→ WHAT THE EXERCISE ASKS
Every line of the material is to be set down again without any change.

→ RECORDS FOR THIS EXERCISE
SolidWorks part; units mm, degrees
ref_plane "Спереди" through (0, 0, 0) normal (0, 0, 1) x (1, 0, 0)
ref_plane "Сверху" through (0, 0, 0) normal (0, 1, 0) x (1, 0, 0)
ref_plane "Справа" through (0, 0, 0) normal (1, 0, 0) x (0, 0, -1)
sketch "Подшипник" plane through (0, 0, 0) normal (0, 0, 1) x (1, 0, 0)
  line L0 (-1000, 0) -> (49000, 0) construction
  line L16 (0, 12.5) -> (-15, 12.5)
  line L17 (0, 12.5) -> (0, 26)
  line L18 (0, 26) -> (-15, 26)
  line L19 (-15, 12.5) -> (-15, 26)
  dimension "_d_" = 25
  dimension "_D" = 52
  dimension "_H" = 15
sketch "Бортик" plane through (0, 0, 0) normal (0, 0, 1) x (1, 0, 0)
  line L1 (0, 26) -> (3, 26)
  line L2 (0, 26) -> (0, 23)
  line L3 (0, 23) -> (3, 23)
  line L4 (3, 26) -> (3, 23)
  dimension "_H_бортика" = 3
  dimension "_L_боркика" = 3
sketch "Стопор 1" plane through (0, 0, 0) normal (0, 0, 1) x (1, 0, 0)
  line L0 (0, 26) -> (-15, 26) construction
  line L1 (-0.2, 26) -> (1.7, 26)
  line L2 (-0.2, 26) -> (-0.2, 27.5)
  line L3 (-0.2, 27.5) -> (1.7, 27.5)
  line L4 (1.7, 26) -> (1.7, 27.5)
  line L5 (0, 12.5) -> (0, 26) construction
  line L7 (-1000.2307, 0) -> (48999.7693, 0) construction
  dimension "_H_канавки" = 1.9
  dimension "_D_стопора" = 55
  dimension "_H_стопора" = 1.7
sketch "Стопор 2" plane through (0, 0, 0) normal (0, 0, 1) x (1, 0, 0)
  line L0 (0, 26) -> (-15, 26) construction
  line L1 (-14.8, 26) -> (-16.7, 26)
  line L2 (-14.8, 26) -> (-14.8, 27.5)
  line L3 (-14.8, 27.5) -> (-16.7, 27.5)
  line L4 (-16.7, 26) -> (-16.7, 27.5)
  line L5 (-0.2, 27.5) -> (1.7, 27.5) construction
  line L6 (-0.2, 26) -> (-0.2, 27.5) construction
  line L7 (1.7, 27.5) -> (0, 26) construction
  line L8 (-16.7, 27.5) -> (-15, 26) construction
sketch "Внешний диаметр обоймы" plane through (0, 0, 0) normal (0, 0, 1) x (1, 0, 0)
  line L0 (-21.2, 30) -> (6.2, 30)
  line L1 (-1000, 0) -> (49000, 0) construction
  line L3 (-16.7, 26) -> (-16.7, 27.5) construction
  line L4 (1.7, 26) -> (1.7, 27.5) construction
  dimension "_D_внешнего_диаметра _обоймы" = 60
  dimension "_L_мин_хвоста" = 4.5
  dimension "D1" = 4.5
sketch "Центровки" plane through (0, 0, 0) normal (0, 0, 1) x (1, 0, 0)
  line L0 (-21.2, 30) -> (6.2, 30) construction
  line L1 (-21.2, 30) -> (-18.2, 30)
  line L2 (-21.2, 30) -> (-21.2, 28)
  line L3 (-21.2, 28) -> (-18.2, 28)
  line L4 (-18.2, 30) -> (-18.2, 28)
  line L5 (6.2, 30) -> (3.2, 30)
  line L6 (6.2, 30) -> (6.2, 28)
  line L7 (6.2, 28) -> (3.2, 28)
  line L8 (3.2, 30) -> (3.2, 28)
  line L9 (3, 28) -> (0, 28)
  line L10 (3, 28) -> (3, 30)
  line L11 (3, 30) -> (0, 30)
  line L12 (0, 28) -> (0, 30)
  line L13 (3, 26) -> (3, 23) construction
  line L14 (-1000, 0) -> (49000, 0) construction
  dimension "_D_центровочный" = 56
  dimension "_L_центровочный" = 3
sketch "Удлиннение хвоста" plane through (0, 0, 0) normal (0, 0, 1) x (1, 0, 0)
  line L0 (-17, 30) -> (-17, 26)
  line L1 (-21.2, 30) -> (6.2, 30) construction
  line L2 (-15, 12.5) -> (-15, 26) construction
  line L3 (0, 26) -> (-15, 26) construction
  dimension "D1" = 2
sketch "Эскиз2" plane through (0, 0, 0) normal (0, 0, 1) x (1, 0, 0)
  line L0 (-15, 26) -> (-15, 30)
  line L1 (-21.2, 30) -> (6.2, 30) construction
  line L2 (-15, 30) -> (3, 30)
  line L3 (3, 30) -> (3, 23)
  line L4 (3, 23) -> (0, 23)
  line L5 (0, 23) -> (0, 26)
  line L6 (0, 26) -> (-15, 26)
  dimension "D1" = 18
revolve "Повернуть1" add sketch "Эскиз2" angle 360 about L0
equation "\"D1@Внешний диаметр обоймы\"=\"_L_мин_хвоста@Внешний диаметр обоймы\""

→ RESULT FOR THIS TASK
SolidWorks part; units mm, degrees
ref_plane "Спереди" through (0, 0, 0) normal (0, 0, 1) x (1, 0, 0)
ref_plane "Сверху" through (0, 0, 0) normal (0, 1, 0) x (1, 0, 0)
ref_plane "Справа" through (0, 0, 0) normal (1, 0, 0) x (0, 0, -1)
sketch "Подшипник" plane through (0, 0, 0) normal (0, 0, 1) x (1, 0, 0)
  line L0 (-1000, 0) -> (49000, 0) construction
  line L16 (0, 12.5) -> (-15, 12.5)
  line L17 (0, 12.5) -> (0, 26)
  line L18 (0, 26) -> (-15, 26)
  line L19 (-15, 12.5) -> (-15, 26)
  dimension "_d_" = 25
  dimension "_D" = 52
  dimension "_H" = 15
sketch "Бортик" plane through (0, 0, 0) normal (0, 0, 1) x (1, 0, 0)
  line L1 (0, 26) -> (3, 26)
  line L2 (0, 26) -> (0, 23)
  line L3 (0, 23) -> (3, 23)
  line L4 (3, 26) -> (3, 23)
  dimension "_H_бортика" = 3
  dimension "_L_боркика" = 3
sketch "Стопор 1" plane through (0, 0, 0) normal (0, 0, 1) x (1, 0, 0)
  line L0 (0, 26) -> (-15, 26) construction
  line L1 (-0.2, 26) -> (1.7, 26)
  line L2 (-0.2, 26) -> (-0.2, 27.5)
  line L3 (-0.2, 27.5) -> (1.7, 27.5)
  line L4 (1.7, 26) -> (1.7, 27.5)
  line L5 (0, 12.5) -> (0, 26) construction
  line L7 (-1000.2307, 0) -> (48999.7693, 0) construction
  dimension "_H_канавки" = 1.9
  dimension "_D_стопора" = 55
  dimension "_H_стопора" = 1.7
sketch "Стопор 2" plane through (0, 0, 0) normal (0, 0, 1) x (1, 0, 0)
  line L0 (0, 26) -> (-15, 26) construction
  line L1 (-14.8, 26) -> (-16.7, 26)
  line L2 (-14.8, 26) -> (-14.8, 27.5)
  line L3 (-14.8, 27.5) -> (-16.7, 27.5)
  line L4 (-16.7, 26) -> (-16.7, 27.5)
  line L5 (-0.2, 27.5) -> (1.7, 27.5) construction
  line L6 (-0.2, 26) -> (-0.2, 27.5) construction
  line L7 (1.7, 27.5) -> (0, 26) construction
  line L8 (-16.7, 27.5) -> (-15, 26) construction
sketch "Внешний диаметр обоймы" plane through (0, 0, 0) normal (0, 0, 1) x (1, 0, 0)
  line L0 (-21.2, 30) -> (6.2, 30)
  line L1 (-1000, 0) -> (49000, 0) construction
  line L3 (-16.7, 26) -> (-16.7, 27.5) construction
  line L4 (1.7, 26) -> (1.7, 27.5) construction
  dimension "_D_внешнего_диаметра _обоймы" = 60
  dimension "_L_мин_хвоста" = 4.5
  dimension "D1" = 4.5
sketch "Центровки" plane through (0, 0, 0) normal (0, 0, 1) x (1, 0, 0)
  line L0 (-21.2, 30) -> (6.2, 30) construction
  line L1 (-21.2, 30) -> (-18.2, 30)
  line L2 (-21.2, 30) -> (-21.2, 28)
  line L3 (-21.2, 28) -> (-18.2, 28)
  line L4 (-18.2, 30) -> (-18.2, 28)
  line L5 (6.2, 30) -> (3.2, 30)
  line L6 (6.2, 30) -> (6.2, 28)
  line L7 (6.2, 28) -> (3.2, 28)
  line L8 (3.2, 30) -> (3.2, 28)
  line L9 (3, 28) -> (0, 28)
  line L10 (3, 28) -> (3, 30)
  line L11 (3, 30) -> (0, 30)
  line L12 (0, 28) -> (0, 30)
  line L13 (3, 26) -> (3, 23) construction
  line L14 (-1000, 0) -> (49000, 0) construction
  dimension "_D_центровочный" = 56
  dimension "_L_центровочный" = 3
sketch "Удлиннение хвоста" plane through (0, 0, 0) normal (0, 0, 1) x (1, 0, 0)
  line L0 (-17, 30) -> (-17, 26)
  line L1 (-21.2, 30) -> (6.2, 30) construction
  line L2 (-15, 12.5) -> (-15, 26) construction
  line L3 (0, 26) -> (-15, 26) construction
  dimension "D1" = 2
sketch "Эскиз2" plane through (0, 0, 0) normal (0, 0, 1) x (1, 0, 0)
  line L0 (-15, 26) -> (-15, 30)
  line L1 (-21.2, 30) -> (6.2, 30) construction
  line L2 (-15, 30) -> (3, 30)
  line L3 (3, 30) -> (3, 23)
  line L4 (3, 23) -> (0, 23)
  line L5 (0, 23) -> (0, 26)
  line L6 (0, 26) -> (-15, 26)
  dimension "D1" = 18
revolve "Повернуть1" add sketch "Эскиз2" angle 360 about L0
equation "\"D1@Внешний диаметр обоймы\"=\"_L_мин_хвоста@Внешний диаметр обоймы\""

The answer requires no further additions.